Wenhan Dai

Shenzhen Workshop on Arithmetic Geometry

Department of Mathematics at SUSTech - Southern University of Science and Technology

See pdf version of conference handbook.

• Time: March 24 to 26, 2023.
• Venue: Dept. of Mathematics at SUSTech, Shenzhen.
• Organizers: Hui Gao, Yong Hu, Yannan Qiu.

Lecture Notes (in chronological order)

Please use with caution and do not disseminate.

March 24

• Weizhe Zheng (MCM) – Étale cohomology and ultraproducts. (article, notes)
  The ultraproduct of étale cohomology provides a family of Weil cohomology theories of algebraic varieties, whose properties are closely related with the torsion-freeness and independence of $\ell$ for $\ell$-adic cohomologies. This talk reports some recent progresses in research of ultraproduct cohomology.

• Xu Shen (MCM) – F-zips with additional structure on splitting models of Shimura varieties. (article)
  We will talk about constructions on certain mod p Hodge structure for the smooth Pappas-Rapoport splitting models of Shimura varieties. These integral models are resolutions of singularities of the corresponding canonical models for ramified groups. We will also discuss applications to Galois representations associated to torsion classes in coherent cohomology. This is a joint work with Yuqiang Zheng.

• Chuangxun Cheng (NJU) – On the image of Galois representations attached to modular forms. (preprint, in preparation)
  In this presentation, starting with the results of Swinnerton-Dyer on the congruences of Fourier coefficients of modular forms (small image case) and the results of Serre on the image of Galois representations attached to elliptic curves (big image case), we explain two applications of Galois representations in the study of Fourier coefficients of modular forms.

• Chunyin Hui (CUHK) – Monodromy of subrepresentations and irreducibility of low degree automorphic Galois representations. (notes)
  Given a compatible system $(\rho)$ of semisimple $\lambda$-adic Galois representations of a number field $K$ satisfying mild local conditions, we prove that for almost all $\lambda$, any type A irreducible subrepresentation of the $\ell$-adic descent of $\rho$ is residually irreducible. We apply this result and some potential automorphy theorem to prove that those are residually irreducible for almost all $\lambda$ if the compatible system is attached to a regular algebraic, polarized, cuspidal automorphic representation of $\mathrm{GL}(n,\mathbb{A})$ and $n\leqslant 6$.

March 25

• Daxin Xu (MCM) – Drinfeld lemma for F-isocrystals. (article, notes)
  Drinfeld’s lemma for $\ell$-adic local systems is a fundamental result in arithmetic geometry. It plays an important role in the Langlands correspondence for a reductive group over the function field of a curve over a finite field, pioneered by Drinfeld for GL(2) and subsequently extended by L. Lafforgue and then V. Lafforgue. In this talk, we will discuss Drinfeld’s lemma for p-adic local systems: overconvergent/convergent F-isocrystals. This is based on a joint work with Kiran Kedlaya.

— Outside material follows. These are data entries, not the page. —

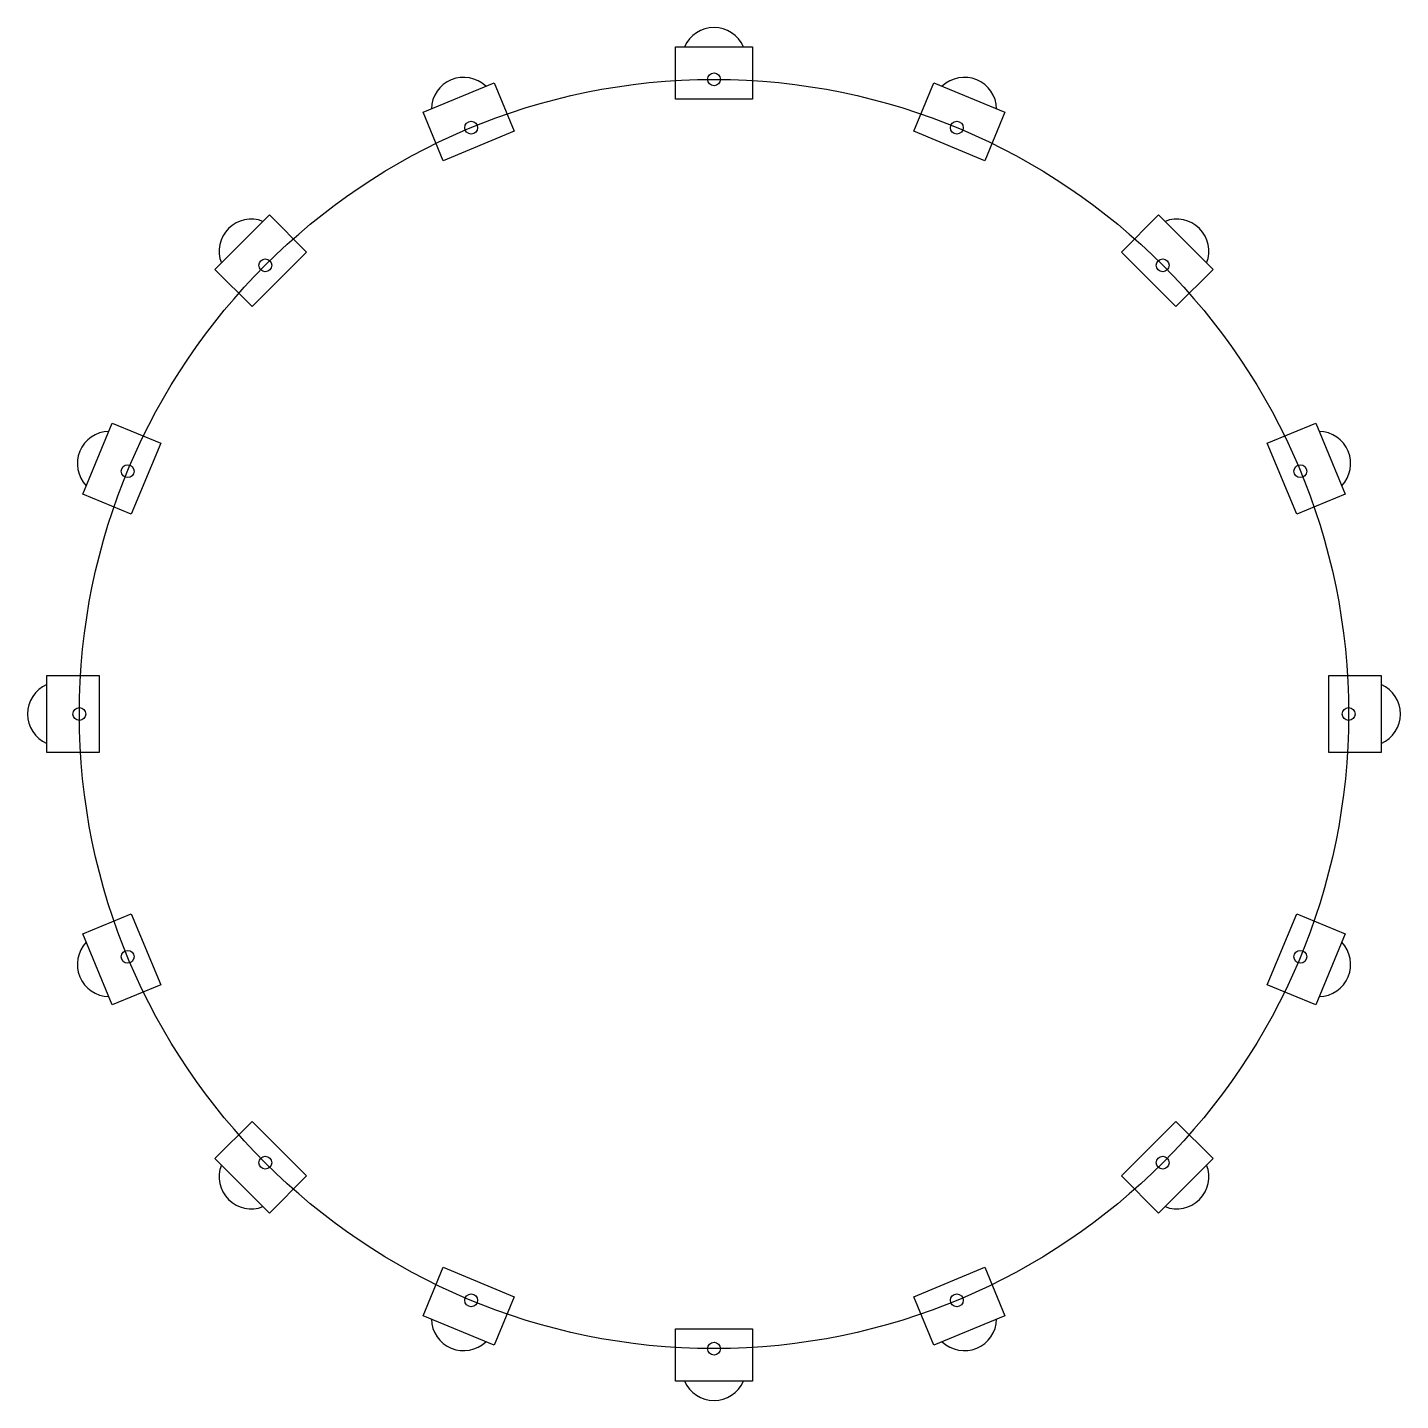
# Model space of a CAD drawing. Header units: millimetres. Extents: x -54 to 54, y -54 to 54.
import ezdxf

# ---------------------------------------------------------------- set-up
doc = ezdxf.new("R2010")
doc.units = ezdxf.units.MM
doc.layers.get('0').update_dxf_attribs({"linetype": 'CONTINUOUS'})

msp = doc.modelspace()

# ---------------------------------------------------------------- linework, layer by layer
for points in [[(3, 47.95), (-3, 47.95), (-3, 52.05), (3, 52.05)], [(-15.58, 45.45), (-21.12, 43.15), (-22.69, 46.94), (-17.15, 49.24)], [(21.12, 43.15), (15.58, 45.45), (17.15, 49.24), (22.69, 46.94)], [(-31.78, 36.03), (-36.03, 31.78), (-38.93, 34.68), (-34.68, 38.93)], [(36.03, 31.78), (31.78, 36.03), (34.68, 38.93), (38.93, 34.68)], [(-43.15, 21.12), (-45.45, 15.58), (-49.24, 17.15), (-46.94, 22.69)], [(45.45, 15.58), (43.15, 21.12), (46.94, 22.69), (49.24, 17.15)], [(-47.95, 3), (-47.95, -3), (-52.05, -3), (-52.05, 3)], [(47.95, -3), (47.95, 3), (52.05, 3), (52.05, -3)], [(-45.45, -15.58), (-43.15, -21.12), (-46.94, -22.69), (-49.24, -17.15)], [(43.15, -21.12), (45.45, -15.58), (49.24, -17.15), (46.94, -22.69)], [(-36.03, -31.78), (-31.78, -36.03), (-34.68, -38.93), (-38.93, -34.68)], [(31.78, -36.03), (36.03, -31.78), (38.93, -34.68), (34.68, -38.93)], [(-21.12, -43.15), (-15.58, -45.45), (-17.15, -49.24), (-22.69, -46.94)], [(15.58, -45.45), (21.12, -43.15), (22.69, -46.94), (17.15, -49.24)], [(-3, -47.95), (3, -47.95), (3, -52.05), (-3, -52.05)]]:
    msp.add_lwpolyline(points, close=True)
for centre, radius in [((0, 0), 49.5), ((0, 49.5), 0.5), ((-18.94, 45.73), 0.5), ((18.94, 45.73), 0.5), ((-35, 35), 0.5), ((35, 35), 0.5), ((-45.73, 18.94), 0.5), ((45.73, 18.94), 0.5), ((-49.5, 0), 0.5), ((49.5, 0), 0.5), ((-45.73, -18.94), 0.5), ((45.73, -18.94), 0.5), ((-35, -35), 0.5), ((35, -35), 0.5), ((-18.94, -45.73), 0.5), ((18.94, -45.73), 0.5), ((0, -49.5), 0.5)]:
    msp.add_circle(centre, radius)
for centre, start, end in [((0, 51.05), 23.5782, 156.4218), ((-19.54, 47.16), 46.0782, 178.9218), ((19.54, 47.16), 1.0782, 133.9218), ((-36.1, 36.1), 68.5782, 201.4218), ((36.1, 36.1), -21.4218, 111.4218), ((-47.16, 19.54), 91.0782, 223.9218), ((47.16, 19.54), -43.9218, 88.9218), ((-51.05, 0), 113.5782, 246.4218), ((51.05, 0), -66.4218, 66.4218), ((-47.16, -19.54), 136.0782, 268.9218), ((47.16, -19.54), -88.9218, 43.9218), ((-36.1, -36.1), 158.5782, 291.4218), ((36.1, -36.1), -111.4218, 21.4218), ((-19.54, -47.16), 181.0782, 313.9218), ((19.54, -47.16), 226.0782, 358.9218), ((0, -51.05), 203.5782, 336.4218)]:
    msp.add_arc(centre, 2.5, start, end)

doc.saveas('drawing.dxf')

• Caihua Luo (CUHK Shenzhen) – Singularity of intertwining operators and some applications. (article, notes)
  Intertwining operators play an important role in the Langlands program, e.g. their relations with constructing automorphic L-functions. The singularity of those operators is a basic problem. For generic co-rank one generalized principal series, it is characterized by the pole of some Langlands-Shahidi L-functions. While for generic standard modules, an explicit conjecture was proposed by Casselman-Shahidi about 20 years ago. In this talk, we will present a method to partially answer the singularity problem, especially the aforementioned conjecture. If time permits, we will also discuss some applications.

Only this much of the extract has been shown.